Environments

This section provides detailed documentation for all available negotiation environments.

Environment API

All environments follow the Gymnasium-like API:

# Create environment
env = make("Environment-ID-v0", **kwargs)

# Reset and get initial observation
observation, info = env.reset(**reset_kwargs)

# Run negotiation step
observation, reward, terminated, truncated, info = env.step(
    buyer_action=buyer_action,
    seller_action=seller_action
)

# Display current state
env.render()

# Cleanup
env.close()

Common Parameters

All environments share these configuration parameters:

Parameter

Type

Description

buyer_agent

BuyerAgent

The buyer agent instance

seller_agent

SellerAgent

The seller agent instance

max_rounds

int

Maximum negotiation rounds

initial_seller_price

float

Starting price from seller

buyer_max_price

float

Maximum acceptable price for buyer

seller_min_price

float

Minimum acceptable price for seller

price_tolerance

float

Price difference threshold for agreement

environment_info

dict

Contextual information (weather, season, etc.)

reward_weights

dict

Weights for reward components

Single Buyer + Product + Seller

Basic negotiation scenarios with one buyer, one product, and one seller.

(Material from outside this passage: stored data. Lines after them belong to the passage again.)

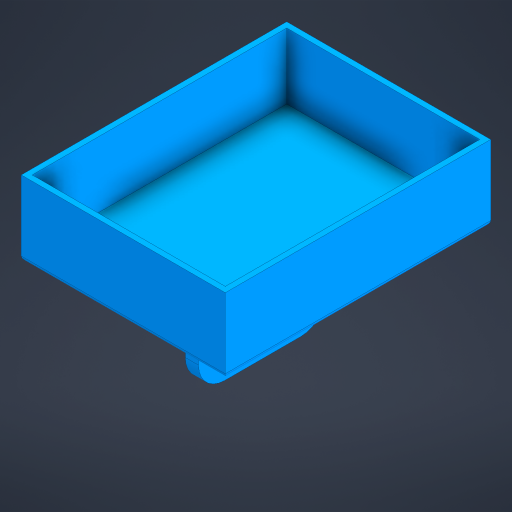
# Autodesk Inventor part: carcasa_pcv
Saved by Autodesk Inventor 2023.1 (Build 271208000, 208)
## iProperties
Created: 2022-11-21
Part Number: carcasa_pcv
Material: Generic
Document SubType Name: Modeling
Designer: amtat
Density: 1 g/cm^3
Appearance: Default
Author: amtat
Autodesk Inventor part; units mm, degrees
ref_plane "YZ Plane" through (0, 0, 0) normal (1, 0, 0) x (0, 1, 0)
ref_plane "XZ Plane" through (0, 0, 0) normal (0, 1, 0) x (-1, 0, 0)
ref_plane "XY Plane" through (0, 0, 0) normal (0, 0, 1) x (1, 0, 0)
sketch "Sketch1" plane through (0, 0, 0) normal (1, 0, 0) x (0, 1, 0)
  circle A0 centre (0, 0) radius 1.6
  line L0 (0, 0) -> (0, -17.3)
  circle A1 centre (0, -17.3) radius 1.6
  line L1 (0, 0) -> (0, 6)
  line L2 (0, -17.3) -> (0, -23.3)
  line L3 (0, 6) -> (-6, 6)
  line L4 (-6, 6) -> (-6, -23.3)
  line L5 (-6, -23.3) -> (0, -23.3)
  line L6 (0, -23.3) -> (16, -23.3)
  line L7 (16, -23.3) -> (16, 6)
  line L8 (16, 6) -> (0, 6)
  dimension "d0" = 3.2
  dimension "d1" = 17.3
  dimension "d2" = 3.2
  dimension "d3" = 6
  dimension "d4" = 6
  dimension "d5" = 6
  dimension "d6" = 16
  constraints: 18 end point, 3 horizontal, 3 perpendicular, 3 vertical, 2 centre point, 2 coincident
  measures "d0" diameter of A0
  measures "d1" distance of L0.start L0.end
  measures "d2" diameter of A1
  measures "d3" distance of L0.start L1.end
  measures "d4" distance of L2.start L2.end
  measures "d5" distance of L1.end L3.end
  measures "d6" distance of L2.end L6.end
extrude "Extrusion1" add sketch "Sketch1" along normal blind 3 contours A0 L1 L8 L7 L6 L2 A1 L0 | A0 L0 A1 L2 L5 L4 L3 L1
sketch "Sketch2" plane through (0, 16, 6) normal (0, 1, 0) x (1, 0, 0)
  line L0 (0, 29.3) -> (0, 0) projected
  line L1 (0, 0) -> (3, 0) projected
  line L2 (3, 29.3) -> (3, 0) projected
  line L3 (0, 29.3) -> (3, 29.3) projected
  line L4 (0, 0) -> (0, 29.3) projected
  line L5 (0, 0) -> (0, 14.6)
  line L6 (0, 14.6) -> (0, -14.4)
  line L7 (0, 14.6) -> (0, 43.6)
  line L8 (0, -14.4) -> (0, -15.65)
  line L9 (0, 43.6) -> (0, 44.85)
  line L10 (0, -15.65) -> (1.5, -15.65)
  line L11 (1.5, -15.65) -> (-20.5, -15.65)
  line L12 (-20.5, -15.65) -> (-20.5, 44.85)
  line L13 (-20.5, 44.85) -> (23.5, 44.85)
  line L14 (23.5, 44.85) -> (23.5, -15.65)
  line L15 (23.5, -15.65) -> (1.5, -15.65)
  line L16 (-20.5, -15.65) -> (-21.75, -15.65)
  line L17 (-21.75, -15.65) -> (-21.75, 46.1)
  line L18 (-21.75, 46.1) -> (23.5, 46.1)
  line L19 (23.5, 46.1) -> (24.75, 46.1)
  line L20 (24.75, 46.1) -> (24.75, -15.65)
  line L21 (24.75, -15.65) -> (23.5, -15.65)
  line L22 (23.5, 44.85) -> (24.75, 44.85)
  line L23 (-20.5, 44.85) -> (-21.75, 44.85)
  point P0 (0, 6)
  dimension "d9" = 14.6
  dimension "d10" = 29
  dimension "d11" = 29
  dimension "d12" = 1.25
  dimension "d13" = 1.25
  dimension "d14" = 22
  dimension "d15" = 44
  dimension "d16" = 90
  dimension "d17" = 1.25
  dimension "d18" = 61.75
  dimension "d19" = 1.25
  constraints: 38 end point, 9 point on line, 7 perpendicular, 3 vertical, 2 horizontal, 1 parallel
  measures "d9" distance of L0.end L5.end
  measures "d10" distance of L5.end L6.end
  measures "d11" distance of L5.end L7.end
  measures "d12" distance of L6.end L8.end
  measures "d13" distance of L7.end L9.end
  measures "d14" distance of L10.end L11.end
  measures "d15" distance of L12.end L13.end
  measures "d16" angle of L12 L13
  measures "d17" distance of L11.end L16.end
  measures "d18" distance of L16.end L17.end
  measures "d19" distance of L18.end L19.end
extrude "Extrusion2" add sketch "Sketch2" along normal blind 2 contours L3 L2 L1 L0 | L7 L9 L13 L14 L15 L10 L8 L6 L1 L2 L3 | L0 L6 L8 L11 L12 L13 L9 L7 | L12 L16 L17 L23 | L22 L20 L21 L14
sketch "Sketch3" plane through (0, 18, 6) normal (0, 1, 0) x (1, 0, 0)
  line L0 (24.75, 44.85) -> (-21.75, 44.85) projected
  line L1 (-21.75, 44.85) -> (-21.75, -15.65) projected
  line L2 (-21.75, -15.65) -> (24.75, -15.65) projected
  line L3 (24.75, -15.65) -> (24.75, 44.85) projected
  line L4 (-21.75, -15.65) -> (24.75, -15.65) projected
  line L5 (24.75, -15.65) -> (24.75, -14.4)
  line L6 (24.75, -15.65) -> (24.75, 44.85) projected
  line L7 (24.75, -14.4) -> (-20.5, -14.4)
  line L8 (-20.5, -14.4) -> (-20.5, 43.6)
  line L9 (-20.5, 43.6) -> (23.5, 43.6)
  line L10 (23.5, 43.6) -> (23.5, -14.4)
  point P0 (0, 6)
  dimension "d22" = 1.25
  dimension "d23" = 45.25
  dimension "d24" = 58
  dimension "d25" = 44
  constraints: 10 end point, 4 perpendicular, 2 point on line
  measures "d22" distance of L2.end L5.end
  measures "d23" distance of L5.end L7.end
  measures "d24" distance of L7.end L8.end
  measures "d25" distance of L8.end L9.end
extrude "Extrusion3" add sketch "Sketch3" along normal blind 15
fillet "Fillet1" radius 1 4 edges at (3, 16, -8.65) (1.5, 16, -23.3) (0, 16, -8.65) (1.5, 16, 6)
fillet "Fillet2" radius 6 2 edges at (1.5, -6, 6) (1.5, -6, -23.3)
fillet "Fillet3" radius 1 4 edges at (1.5, 16, -38.85) (24.75, 16, -8.6) (-21.75, 16, -8.6) (1.5, 16, 21.65)
body "Solid1"

Task1: Basic Price Negotiation

Environment ID: Task1_basic_price_negotiation-v0

Standard price negotiation between buyer and seller.

env = make(
    "Task1_basic_price_negotiation-v0",
    buyer_agent=buyer,
    seller_agent=seller,
    max_rounds=20,
    initial_seller_price=150.0,
    buyer_max_price=120.0,
    seller_min_price=80.0,
)

Task2: Close Price Negotiation

Environment ID: Task2_close_price_negotiation-v0

Tests edge cases with narrow price ranges where buyer max and seller min are close.

Task3: Close to Market Price Negotiation

Environment ID: Task3_close_to_market_price_negotiation-v0

Tests scenarios where initial price is near the market/fair price.

Multi-Product Environments

Environments for negotiating multiple products.

Task1: Multi-Product Negotiation

Environment ID: Task1_multi_product_negotiation-v0

General multi-product negotiation.

env = make(
    "Task1_multi_product_negotiation-v0",
    buyer_agent=buyer,
    seller_agent=seller,
    max_rounds_per_product=20,
)

observation, info = env.reset(
    products=[
        {"name": "Laptop", "price": 1000.0},
        {"name": "Mouse", "price": 50.0},
        {"name": "Keyboard", "price": 80.0},
    ]
)

Task2-4: Specific Product Counts

  • Task2: Two product negotiation

  • Task3: Five product negotiation

  • Task4: Select three from five products

Multi-Seller Environments

Environments with multiple sellers competing for a single buyer.

Parallel Multi-Seller

Environment IDs:

  • Task1_parallel_two_seller_negotiation-v0

  • Task2_parallel_three_seller_negotiation-v0

Buyer negotiates with multiple sellers simultaneously.

from agenticpay.agents.seller_agent import SellerAgent

seller1 = SellerAgent(model=model, seller_min_price=80.0)
seller2 = SellerAgent(model=model, seller_min_price=85.0)

env = make(
    "Task1_parallel_two_seller_negotiation-v0",
    buyer_agent=buyer,
    seller_agents=[seller1, seller2],
    max_rounds=20,
)

Sequential Multi-Seller

Environment IDs:

  • Task3_sequential_two_seller_negotiation-v0

  • Task4_sequential_three_seller_negotiation-v0

Buyer negotiates with sellers one at a time, using previous negotiations as context.

Multi-Buyer Environments

Environments with multiple buyers competing for products.

Parallel Multi-Buyer

Environment IDs:

  • Task1_parallel_two_buyer_negotiation-v0

  • Task2_parallel_three_buyer_negotiation-v0

Multiple buyers negotiate with the seller simultaneously.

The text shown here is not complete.